The story of how Cecil Sharp gathered folk tunes from rural Somerset then brought them back to Hampstead is told in a new 'play with songs'.
Folk at Hampstead Theatre foregrounds the working class people who were Sharp's source, and explores how he both saved - and stole - their music traditions.
Although the Primrose Hill headquarters of the English Folk Dance and Song Society is named after Sharp, he's a controversial figure who berated his Suffragette sister, refused to collect songs from people of colour, and undermined the work of female song collectors.
"He was a misogynist and a racist," says West Country playwright Nell Leyshon. "He was a very difficult man, strident in his views, and it would be easy for me, a strong woman in 2021 to take him down. But the people who always interest me are the unheard voices, the untold story."

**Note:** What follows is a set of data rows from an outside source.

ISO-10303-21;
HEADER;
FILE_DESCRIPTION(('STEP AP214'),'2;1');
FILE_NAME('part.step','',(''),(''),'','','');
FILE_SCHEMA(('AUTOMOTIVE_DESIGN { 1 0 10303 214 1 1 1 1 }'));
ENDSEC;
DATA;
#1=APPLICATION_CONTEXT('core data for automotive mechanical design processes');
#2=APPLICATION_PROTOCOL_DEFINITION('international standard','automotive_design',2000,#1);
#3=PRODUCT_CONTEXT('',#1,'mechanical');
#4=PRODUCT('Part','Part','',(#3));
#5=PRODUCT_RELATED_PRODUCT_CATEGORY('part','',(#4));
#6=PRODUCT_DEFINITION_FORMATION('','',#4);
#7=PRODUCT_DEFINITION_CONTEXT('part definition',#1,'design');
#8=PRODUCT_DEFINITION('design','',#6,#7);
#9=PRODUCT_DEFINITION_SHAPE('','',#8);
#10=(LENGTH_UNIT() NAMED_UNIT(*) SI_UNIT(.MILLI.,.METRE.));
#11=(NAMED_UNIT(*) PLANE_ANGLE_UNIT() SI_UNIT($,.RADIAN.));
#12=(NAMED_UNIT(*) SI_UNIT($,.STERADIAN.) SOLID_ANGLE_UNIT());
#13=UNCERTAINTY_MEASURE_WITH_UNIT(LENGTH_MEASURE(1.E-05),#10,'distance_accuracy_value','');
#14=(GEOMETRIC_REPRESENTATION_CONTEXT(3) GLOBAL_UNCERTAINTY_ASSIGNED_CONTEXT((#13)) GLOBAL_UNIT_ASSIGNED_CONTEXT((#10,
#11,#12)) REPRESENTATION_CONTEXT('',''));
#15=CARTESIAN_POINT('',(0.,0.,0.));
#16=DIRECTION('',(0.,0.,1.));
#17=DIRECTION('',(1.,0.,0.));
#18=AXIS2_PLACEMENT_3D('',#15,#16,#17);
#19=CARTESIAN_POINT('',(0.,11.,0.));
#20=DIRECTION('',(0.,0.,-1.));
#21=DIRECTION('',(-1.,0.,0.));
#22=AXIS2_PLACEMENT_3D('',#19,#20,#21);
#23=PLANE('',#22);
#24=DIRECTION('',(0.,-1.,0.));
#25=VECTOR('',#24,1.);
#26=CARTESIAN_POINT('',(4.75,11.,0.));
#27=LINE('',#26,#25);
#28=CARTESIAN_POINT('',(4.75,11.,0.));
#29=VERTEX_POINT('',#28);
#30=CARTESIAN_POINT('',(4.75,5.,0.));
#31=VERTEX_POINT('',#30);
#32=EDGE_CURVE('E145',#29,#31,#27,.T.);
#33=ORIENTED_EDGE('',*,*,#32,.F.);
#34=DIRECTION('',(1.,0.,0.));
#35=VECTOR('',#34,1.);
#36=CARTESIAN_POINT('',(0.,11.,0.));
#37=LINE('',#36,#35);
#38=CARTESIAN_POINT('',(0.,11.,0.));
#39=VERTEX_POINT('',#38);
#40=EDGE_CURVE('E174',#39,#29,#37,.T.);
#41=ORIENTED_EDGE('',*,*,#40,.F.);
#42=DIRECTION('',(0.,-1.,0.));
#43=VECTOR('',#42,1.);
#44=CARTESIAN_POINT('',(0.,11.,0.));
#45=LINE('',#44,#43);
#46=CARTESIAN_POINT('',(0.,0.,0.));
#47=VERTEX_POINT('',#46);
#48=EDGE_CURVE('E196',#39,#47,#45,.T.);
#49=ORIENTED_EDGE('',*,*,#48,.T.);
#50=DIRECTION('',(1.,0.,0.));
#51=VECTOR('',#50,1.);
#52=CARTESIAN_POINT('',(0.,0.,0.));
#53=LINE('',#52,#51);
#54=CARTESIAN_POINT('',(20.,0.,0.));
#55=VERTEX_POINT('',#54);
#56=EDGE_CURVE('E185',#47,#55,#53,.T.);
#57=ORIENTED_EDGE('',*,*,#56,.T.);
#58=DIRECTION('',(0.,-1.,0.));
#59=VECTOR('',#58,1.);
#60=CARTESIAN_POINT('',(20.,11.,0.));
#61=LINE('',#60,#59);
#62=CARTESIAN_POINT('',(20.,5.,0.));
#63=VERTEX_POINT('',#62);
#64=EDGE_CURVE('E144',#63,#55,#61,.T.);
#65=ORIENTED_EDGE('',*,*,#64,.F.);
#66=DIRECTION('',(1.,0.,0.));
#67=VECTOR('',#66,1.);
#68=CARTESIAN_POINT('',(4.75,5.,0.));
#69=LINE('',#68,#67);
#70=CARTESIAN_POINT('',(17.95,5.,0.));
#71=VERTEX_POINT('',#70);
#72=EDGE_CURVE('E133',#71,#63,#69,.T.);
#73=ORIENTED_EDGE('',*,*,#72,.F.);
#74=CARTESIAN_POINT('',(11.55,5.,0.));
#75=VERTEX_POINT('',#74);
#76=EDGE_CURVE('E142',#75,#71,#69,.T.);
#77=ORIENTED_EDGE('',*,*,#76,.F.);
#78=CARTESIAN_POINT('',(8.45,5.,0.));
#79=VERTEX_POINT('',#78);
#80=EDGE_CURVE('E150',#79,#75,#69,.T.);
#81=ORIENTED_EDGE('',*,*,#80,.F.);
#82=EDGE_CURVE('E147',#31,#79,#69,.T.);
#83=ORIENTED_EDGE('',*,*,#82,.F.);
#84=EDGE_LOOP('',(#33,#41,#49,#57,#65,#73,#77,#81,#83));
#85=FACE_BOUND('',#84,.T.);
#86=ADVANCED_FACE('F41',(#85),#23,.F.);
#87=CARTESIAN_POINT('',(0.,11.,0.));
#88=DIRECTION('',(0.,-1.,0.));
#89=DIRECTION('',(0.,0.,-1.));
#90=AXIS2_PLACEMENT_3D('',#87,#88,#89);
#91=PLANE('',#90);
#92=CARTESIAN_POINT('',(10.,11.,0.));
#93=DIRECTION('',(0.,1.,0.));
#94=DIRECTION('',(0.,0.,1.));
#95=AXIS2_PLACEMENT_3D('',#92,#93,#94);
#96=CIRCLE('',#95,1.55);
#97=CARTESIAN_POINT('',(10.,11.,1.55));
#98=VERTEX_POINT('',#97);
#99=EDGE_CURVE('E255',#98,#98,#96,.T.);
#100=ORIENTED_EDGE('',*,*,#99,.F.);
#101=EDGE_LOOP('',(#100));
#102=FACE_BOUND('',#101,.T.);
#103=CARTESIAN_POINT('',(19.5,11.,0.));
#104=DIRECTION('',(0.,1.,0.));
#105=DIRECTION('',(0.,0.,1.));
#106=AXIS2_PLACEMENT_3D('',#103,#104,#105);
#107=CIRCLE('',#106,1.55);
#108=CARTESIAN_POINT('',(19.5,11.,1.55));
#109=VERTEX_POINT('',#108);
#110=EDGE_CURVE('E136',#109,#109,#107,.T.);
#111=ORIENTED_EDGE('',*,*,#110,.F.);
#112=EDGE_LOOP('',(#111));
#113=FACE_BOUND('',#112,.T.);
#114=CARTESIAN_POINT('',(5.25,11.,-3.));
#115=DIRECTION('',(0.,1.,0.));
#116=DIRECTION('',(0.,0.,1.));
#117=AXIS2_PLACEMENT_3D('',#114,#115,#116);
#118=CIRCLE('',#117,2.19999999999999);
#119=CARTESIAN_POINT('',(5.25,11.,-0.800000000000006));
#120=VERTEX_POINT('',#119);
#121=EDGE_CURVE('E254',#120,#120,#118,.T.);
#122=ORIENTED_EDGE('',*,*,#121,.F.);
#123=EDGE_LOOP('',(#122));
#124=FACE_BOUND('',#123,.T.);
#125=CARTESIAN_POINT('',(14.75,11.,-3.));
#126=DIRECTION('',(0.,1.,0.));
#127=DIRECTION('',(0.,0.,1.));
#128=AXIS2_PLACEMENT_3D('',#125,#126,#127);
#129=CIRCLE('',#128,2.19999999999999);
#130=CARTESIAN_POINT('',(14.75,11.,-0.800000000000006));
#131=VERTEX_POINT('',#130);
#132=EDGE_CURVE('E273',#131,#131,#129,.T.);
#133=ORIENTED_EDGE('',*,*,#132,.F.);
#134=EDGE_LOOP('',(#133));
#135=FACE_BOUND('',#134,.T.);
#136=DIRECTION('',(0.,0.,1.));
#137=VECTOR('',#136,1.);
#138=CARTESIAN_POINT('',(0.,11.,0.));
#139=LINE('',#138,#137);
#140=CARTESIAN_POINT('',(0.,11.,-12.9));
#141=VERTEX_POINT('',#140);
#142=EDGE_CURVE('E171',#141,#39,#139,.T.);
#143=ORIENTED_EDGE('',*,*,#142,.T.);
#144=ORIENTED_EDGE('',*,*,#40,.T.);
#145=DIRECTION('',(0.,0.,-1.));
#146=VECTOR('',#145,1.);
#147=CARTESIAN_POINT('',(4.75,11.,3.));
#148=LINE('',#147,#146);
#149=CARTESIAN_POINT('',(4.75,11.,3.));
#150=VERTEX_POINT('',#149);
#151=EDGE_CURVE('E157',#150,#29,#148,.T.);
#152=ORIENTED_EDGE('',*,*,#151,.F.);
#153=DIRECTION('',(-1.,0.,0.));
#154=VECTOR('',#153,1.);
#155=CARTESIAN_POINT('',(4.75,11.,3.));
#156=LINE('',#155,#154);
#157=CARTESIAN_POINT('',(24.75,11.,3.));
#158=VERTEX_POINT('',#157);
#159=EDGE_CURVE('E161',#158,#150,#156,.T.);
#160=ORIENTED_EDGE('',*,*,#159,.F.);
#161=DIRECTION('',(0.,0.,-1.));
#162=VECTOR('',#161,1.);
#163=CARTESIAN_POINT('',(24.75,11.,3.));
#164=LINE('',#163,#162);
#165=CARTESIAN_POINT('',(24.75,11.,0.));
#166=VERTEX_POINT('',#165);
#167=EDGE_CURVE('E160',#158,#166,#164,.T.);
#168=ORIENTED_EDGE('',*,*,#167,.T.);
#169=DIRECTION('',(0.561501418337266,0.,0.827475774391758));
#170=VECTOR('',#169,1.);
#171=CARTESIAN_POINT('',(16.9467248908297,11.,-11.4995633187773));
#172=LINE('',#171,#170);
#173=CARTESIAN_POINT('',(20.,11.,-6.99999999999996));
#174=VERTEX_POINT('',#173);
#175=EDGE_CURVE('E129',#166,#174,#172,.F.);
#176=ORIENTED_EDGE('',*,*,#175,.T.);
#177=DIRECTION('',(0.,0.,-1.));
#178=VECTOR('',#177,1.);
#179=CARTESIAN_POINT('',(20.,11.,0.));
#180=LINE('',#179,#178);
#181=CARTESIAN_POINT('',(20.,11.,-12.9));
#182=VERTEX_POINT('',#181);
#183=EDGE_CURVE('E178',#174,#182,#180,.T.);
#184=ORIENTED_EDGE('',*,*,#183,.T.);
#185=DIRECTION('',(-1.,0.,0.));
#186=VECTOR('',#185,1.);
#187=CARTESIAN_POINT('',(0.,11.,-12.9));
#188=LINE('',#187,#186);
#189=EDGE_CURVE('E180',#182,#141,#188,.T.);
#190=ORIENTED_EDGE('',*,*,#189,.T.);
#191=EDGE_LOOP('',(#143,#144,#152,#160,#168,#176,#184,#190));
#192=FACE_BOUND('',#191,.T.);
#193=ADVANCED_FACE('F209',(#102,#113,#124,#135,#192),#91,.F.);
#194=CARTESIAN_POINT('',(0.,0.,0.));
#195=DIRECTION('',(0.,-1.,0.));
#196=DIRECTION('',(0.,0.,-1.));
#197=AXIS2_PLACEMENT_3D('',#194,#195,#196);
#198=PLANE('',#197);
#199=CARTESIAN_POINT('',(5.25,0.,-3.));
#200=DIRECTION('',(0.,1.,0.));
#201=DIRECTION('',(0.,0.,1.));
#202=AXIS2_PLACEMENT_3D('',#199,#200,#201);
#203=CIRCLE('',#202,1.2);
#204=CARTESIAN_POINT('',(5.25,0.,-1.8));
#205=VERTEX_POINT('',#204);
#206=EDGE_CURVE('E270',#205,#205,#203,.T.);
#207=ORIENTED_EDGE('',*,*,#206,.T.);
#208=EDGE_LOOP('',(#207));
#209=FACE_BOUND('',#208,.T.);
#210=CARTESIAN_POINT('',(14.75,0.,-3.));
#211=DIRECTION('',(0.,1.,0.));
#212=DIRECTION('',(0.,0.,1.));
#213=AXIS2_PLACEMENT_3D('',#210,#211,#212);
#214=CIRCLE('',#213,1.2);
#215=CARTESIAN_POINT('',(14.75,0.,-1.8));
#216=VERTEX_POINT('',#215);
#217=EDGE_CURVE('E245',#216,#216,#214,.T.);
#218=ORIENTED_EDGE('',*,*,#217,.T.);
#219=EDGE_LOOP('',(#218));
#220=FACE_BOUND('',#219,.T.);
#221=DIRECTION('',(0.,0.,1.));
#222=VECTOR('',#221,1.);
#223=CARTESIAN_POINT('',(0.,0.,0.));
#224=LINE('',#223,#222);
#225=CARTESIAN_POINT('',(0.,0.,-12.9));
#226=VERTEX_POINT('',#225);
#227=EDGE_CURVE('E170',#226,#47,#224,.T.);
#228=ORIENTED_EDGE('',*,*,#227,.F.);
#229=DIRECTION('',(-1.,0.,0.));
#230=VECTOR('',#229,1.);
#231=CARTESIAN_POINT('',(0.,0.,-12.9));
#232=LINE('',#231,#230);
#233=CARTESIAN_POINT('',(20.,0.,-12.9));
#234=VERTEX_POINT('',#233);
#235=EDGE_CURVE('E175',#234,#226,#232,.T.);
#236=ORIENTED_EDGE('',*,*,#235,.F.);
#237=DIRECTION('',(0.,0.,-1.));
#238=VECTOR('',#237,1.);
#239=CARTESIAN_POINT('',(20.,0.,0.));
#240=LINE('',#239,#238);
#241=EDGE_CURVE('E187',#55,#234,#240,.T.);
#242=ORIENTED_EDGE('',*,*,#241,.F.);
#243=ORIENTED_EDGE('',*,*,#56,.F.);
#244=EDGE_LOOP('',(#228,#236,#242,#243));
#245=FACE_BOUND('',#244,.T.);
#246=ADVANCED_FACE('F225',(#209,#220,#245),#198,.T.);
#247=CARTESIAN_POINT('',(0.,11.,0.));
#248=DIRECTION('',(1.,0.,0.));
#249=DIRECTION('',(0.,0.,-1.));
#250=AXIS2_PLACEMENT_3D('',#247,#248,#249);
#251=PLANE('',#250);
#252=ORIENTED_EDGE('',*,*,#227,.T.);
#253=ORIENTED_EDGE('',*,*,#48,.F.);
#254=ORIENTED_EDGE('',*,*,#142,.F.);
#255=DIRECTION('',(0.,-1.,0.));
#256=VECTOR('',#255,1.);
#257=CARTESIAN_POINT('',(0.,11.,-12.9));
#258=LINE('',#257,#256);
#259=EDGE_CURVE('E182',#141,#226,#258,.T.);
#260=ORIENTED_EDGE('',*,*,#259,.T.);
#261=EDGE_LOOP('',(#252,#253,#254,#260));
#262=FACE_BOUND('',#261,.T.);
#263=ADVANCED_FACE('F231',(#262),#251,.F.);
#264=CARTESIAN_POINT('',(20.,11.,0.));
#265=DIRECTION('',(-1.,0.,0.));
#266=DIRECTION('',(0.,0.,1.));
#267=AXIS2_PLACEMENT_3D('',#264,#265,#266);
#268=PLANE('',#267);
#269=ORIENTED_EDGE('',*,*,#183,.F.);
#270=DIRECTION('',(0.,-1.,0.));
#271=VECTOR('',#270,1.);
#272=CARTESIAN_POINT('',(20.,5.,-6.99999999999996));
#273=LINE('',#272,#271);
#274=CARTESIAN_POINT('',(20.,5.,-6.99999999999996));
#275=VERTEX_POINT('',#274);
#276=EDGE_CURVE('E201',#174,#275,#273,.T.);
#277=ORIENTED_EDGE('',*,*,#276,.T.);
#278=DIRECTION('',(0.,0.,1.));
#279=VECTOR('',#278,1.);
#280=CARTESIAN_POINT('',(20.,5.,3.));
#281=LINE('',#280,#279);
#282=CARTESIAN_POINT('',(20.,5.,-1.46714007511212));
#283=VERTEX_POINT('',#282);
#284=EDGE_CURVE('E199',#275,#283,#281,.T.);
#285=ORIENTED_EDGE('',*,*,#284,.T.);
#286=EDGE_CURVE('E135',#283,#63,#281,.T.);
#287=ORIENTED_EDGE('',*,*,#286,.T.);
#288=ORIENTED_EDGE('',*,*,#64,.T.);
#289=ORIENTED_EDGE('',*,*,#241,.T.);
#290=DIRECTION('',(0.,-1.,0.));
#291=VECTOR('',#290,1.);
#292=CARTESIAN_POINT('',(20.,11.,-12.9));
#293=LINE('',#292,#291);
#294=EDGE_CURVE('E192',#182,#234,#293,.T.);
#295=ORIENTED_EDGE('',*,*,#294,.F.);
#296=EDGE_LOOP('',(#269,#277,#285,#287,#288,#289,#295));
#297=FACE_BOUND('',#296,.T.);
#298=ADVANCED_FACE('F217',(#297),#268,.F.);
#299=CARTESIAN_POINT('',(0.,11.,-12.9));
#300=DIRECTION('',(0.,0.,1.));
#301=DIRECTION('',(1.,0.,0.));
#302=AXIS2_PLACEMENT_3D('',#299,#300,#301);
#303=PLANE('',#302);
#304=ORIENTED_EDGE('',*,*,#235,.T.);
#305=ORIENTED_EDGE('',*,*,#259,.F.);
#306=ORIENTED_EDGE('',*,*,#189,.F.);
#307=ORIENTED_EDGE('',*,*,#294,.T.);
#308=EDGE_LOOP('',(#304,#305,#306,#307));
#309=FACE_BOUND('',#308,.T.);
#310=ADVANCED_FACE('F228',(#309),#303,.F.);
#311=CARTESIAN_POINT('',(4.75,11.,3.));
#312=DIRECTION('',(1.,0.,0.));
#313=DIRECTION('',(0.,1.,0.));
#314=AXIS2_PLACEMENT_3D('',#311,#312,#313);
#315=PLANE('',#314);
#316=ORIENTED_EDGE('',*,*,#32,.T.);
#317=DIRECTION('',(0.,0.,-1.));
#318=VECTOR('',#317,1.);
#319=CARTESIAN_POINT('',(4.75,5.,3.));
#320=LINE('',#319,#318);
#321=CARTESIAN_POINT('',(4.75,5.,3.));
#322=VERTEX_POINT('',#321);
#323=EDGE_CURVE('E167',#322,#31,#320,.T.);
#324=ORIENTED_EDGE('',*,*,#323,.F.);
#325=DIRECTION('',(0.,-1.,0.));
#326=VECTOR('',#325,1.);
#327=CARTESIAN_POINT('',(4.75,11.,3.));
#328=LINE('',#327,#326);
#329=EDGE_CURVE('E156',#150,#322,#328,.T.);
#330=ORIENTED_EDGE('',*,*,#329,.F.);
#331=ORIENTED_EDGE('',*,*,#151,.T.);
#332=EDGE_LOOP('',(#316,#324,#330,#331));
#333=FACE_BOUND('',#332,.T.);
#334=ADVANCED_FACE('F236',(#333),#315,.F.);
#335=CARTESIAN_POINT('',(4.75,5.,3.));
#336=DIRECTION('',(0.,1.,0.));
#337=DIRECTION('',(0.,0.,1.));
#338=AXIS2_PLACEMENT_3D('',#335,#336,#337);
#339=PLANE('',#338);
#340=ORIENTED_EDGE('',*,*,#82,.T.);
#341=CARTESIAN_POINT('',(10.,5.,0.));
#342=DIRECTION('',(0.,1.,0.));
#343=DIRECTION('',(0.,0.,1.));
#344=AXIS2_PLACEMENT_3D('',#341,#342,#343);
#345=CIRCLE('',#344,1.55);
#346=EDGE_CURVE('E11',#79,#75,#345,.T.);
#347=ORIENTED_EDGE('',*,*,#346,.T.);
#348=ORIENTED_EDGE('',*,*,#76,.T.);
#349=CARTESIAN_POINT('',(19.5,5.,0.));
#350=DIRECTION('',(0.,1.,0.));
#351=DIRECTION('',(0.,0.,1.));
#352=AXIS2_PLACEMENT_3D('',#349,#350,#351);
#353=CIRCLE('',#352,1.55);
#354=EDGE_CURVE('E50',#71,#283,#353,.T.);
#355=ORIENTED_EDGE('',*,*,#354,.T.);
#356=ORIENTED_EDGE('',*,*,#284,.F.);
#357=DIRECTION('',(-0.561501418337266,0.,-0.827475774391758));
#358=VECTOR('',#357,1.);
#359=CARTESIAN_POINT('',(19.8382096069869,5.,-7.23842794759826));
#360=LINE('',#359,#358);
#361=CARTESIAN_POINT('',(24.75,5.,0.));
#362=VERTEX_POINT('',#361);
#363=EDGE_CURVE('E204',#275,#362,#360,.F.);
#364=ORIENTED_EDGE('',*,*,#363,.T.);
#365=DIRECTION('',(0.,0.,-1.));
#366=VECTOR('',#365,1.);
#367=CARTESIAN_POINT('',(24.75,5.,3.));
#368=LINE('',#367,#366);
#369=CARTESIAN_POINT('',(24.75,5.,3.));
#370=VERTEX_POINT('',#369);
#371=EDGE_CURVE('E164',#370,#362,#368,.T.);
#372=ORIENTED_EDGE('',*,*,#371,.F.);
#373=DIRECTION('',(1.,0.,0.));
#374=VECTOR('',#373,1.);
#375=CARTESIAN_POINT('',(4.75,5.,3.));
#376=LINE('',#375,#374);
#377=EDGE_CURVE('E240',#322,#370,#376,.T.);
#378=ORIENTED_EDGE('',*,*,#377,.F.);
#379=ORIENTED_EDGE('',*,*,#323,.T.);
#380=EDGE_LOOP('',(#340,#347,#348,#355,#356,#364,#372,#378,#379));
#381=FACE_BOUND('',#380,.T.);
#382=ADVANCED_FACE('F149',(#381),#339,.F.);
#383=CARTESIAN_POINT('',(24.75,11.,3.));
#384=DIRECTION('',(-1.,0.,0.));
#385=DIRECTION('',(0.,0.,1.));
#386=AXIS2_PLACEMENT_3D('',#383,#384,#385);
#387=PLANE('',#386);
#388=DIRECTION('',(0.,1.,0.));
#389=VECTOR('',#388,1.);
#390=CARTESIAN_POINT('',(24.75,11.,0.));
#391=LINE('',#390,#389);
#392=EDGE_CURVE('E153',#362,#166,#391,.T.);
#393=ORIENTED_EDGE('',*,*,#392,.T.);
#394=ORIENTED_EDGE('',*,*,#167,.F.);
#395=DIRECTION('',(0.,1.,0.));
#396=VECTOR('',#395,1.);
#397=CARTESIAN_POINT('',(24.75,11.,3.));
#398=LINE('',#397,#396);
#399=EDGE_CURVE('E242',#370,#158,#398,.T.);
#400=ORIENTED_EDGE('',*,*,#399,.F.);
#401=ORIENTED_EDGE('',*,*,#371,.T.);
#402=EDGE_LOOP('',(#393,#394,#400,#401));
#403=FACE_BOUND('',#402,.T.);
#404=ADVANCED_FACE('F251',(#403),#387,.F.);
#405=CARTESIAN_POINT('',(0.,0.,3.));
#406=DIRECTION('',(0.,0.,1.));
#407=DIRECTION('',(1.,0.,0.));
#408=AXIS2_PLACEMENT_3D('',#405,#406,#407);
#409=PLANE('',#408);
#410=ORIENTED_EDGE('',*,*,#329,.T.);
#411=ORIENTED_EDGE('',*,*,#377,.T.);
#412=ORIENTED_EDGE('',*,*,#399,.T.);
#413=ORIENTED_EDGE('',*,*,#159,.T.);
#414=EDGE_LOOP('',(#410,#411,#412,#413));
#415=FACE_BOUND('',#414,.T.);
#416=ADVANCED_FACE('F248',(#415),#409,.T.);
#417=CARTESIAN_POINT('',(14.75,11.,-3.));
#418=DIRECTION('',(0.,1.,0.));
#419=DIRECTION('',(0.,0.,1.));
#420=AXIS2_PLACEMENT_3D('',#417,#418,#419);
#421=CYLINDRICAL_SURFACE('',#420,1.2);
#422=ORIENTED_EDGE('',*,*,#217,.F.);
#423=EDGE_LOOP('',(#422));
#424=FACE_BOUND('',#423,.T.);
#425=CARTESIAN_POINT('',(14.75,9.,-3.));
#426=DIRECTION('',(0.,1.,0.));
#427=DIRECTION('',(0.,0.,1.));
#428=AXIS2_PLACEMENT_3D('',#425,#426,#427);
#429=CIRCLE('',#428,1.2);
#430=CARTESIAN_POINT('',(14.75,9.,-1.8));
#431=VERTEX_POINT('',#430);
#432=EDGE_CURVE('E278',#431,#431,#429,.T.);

It was an exhibition of photographs about the singers Sharp collected from - including sisters Louie and Lucy Hooper - that piqued Leyshon's interest.
"My imagination is based in Somerset and seeing a stonebreaker from my village was a lightbulb moment. I realised Cecil Sharp was collecting songs which had died by the time I got there - as he predicted they would, at the end of the industrial revolution. Without him they would be lost."
Leyshon has woven that into her drama. "I was transfixed by a man who was so judgmental yet contradictory. He could go to Somerset and befriend an incredibly low class Gypsy woman and persuade her to sing. He respected the singers because of a shared love of music. I thought it was more interesting to look at the mechanics of how he collected those songs. The real paradox is if he hadn't been so driven, he wouldn't have saved over 3,000 of them."
Sharp, who lived in Maresfield Gardens and was Principal of the Hampstead Conservatoire - now the site of the Central School of Speech and Drama in Eton Avenue - set the songs to piano and altered the saucier lyrics.
"He took them, changed them, turned them into drawing room songs, and copyrighted them. Elsewhere in the folk song revival, pagan, Chaucerian songs full of sex were turned into pious hymns. The play is about cultural appropriation and the fascinating crux; is Sharp a force for good or bad?"
And Leyshon tells it from the viewpoint of an illiterate woman who had 200 songs in her head .
"Everything I believe in is in the character of Louie. She was this extraordinary Somerset singer who was disabled and had to stay at home sewing gloves. What electrified me was discovering the BBC made a programme about her in 1942. She said when she was walking down the lanes she made music in her head from the birdsong. She was gifted and would have been a composer if she had been born into a different world, like all those incredible people throughout history who never got the opportunity but were better than mediocre people with connections.
"The play is a love letter to music. Louie and Sharp act out this love of music – he brings his classical world, she brings her world of folk music. There's a clash between working and middle class, the self taught versus the over educated. Afterwards Sharp shot up to London, got in his dinner jacket, put on this amazing evening, and wrote the reviews under a false name. He was a self promoter, and people like Louie just accepted that anything exciting they had could be taken away from them."
First heard during lockdown on Radio 3, Folk weaves in dance and 10 songs including The Seeds of Love - collected by Sharp in 1903 while staying with the vicar of Hambridge in Somerset. He heard gardener John England singing it as he mowed the lawn, whipped out his notebook and took it down.
Leyshon says the oral tradition meant there were multiple versions of each song with themes ranging from broken love tokens to dark tales of murder.
"The history of one song like The Leaves They Do Grow High will give you the history of a whole country."
And the play touches on how Sharp and fellow collectors were concerned with "searching for a pure Englishness".
"There was a surge of nationalism, all the music was European and they were asking where is the next great English composer? There's a political debate about how we don't love our country enough, so this might be my Brexit play! I thought I had written something simple but it's so complex."
Growing up in Somerset with a stint working in London, Leyshon has personally felt "that rural urban divide".
"Like the town mouse and the country mouse, there's a wide separation of understanding. I had a really strong Somerset accent at one point, then I realised there's a bigger world out there. But I've discovered you've got to find out your passion, write with your voice not against it."
And she's delighted Folk is on at Hampstead, where previous plays Glass Eels and Comfort Me With Apples were staged.
"It's amazing watching this come to life. Coming back to Hampstead is a joy, I feel really comfortable with my voice there."
Folk runs at Hampstead Theatre from December 18 until February 5.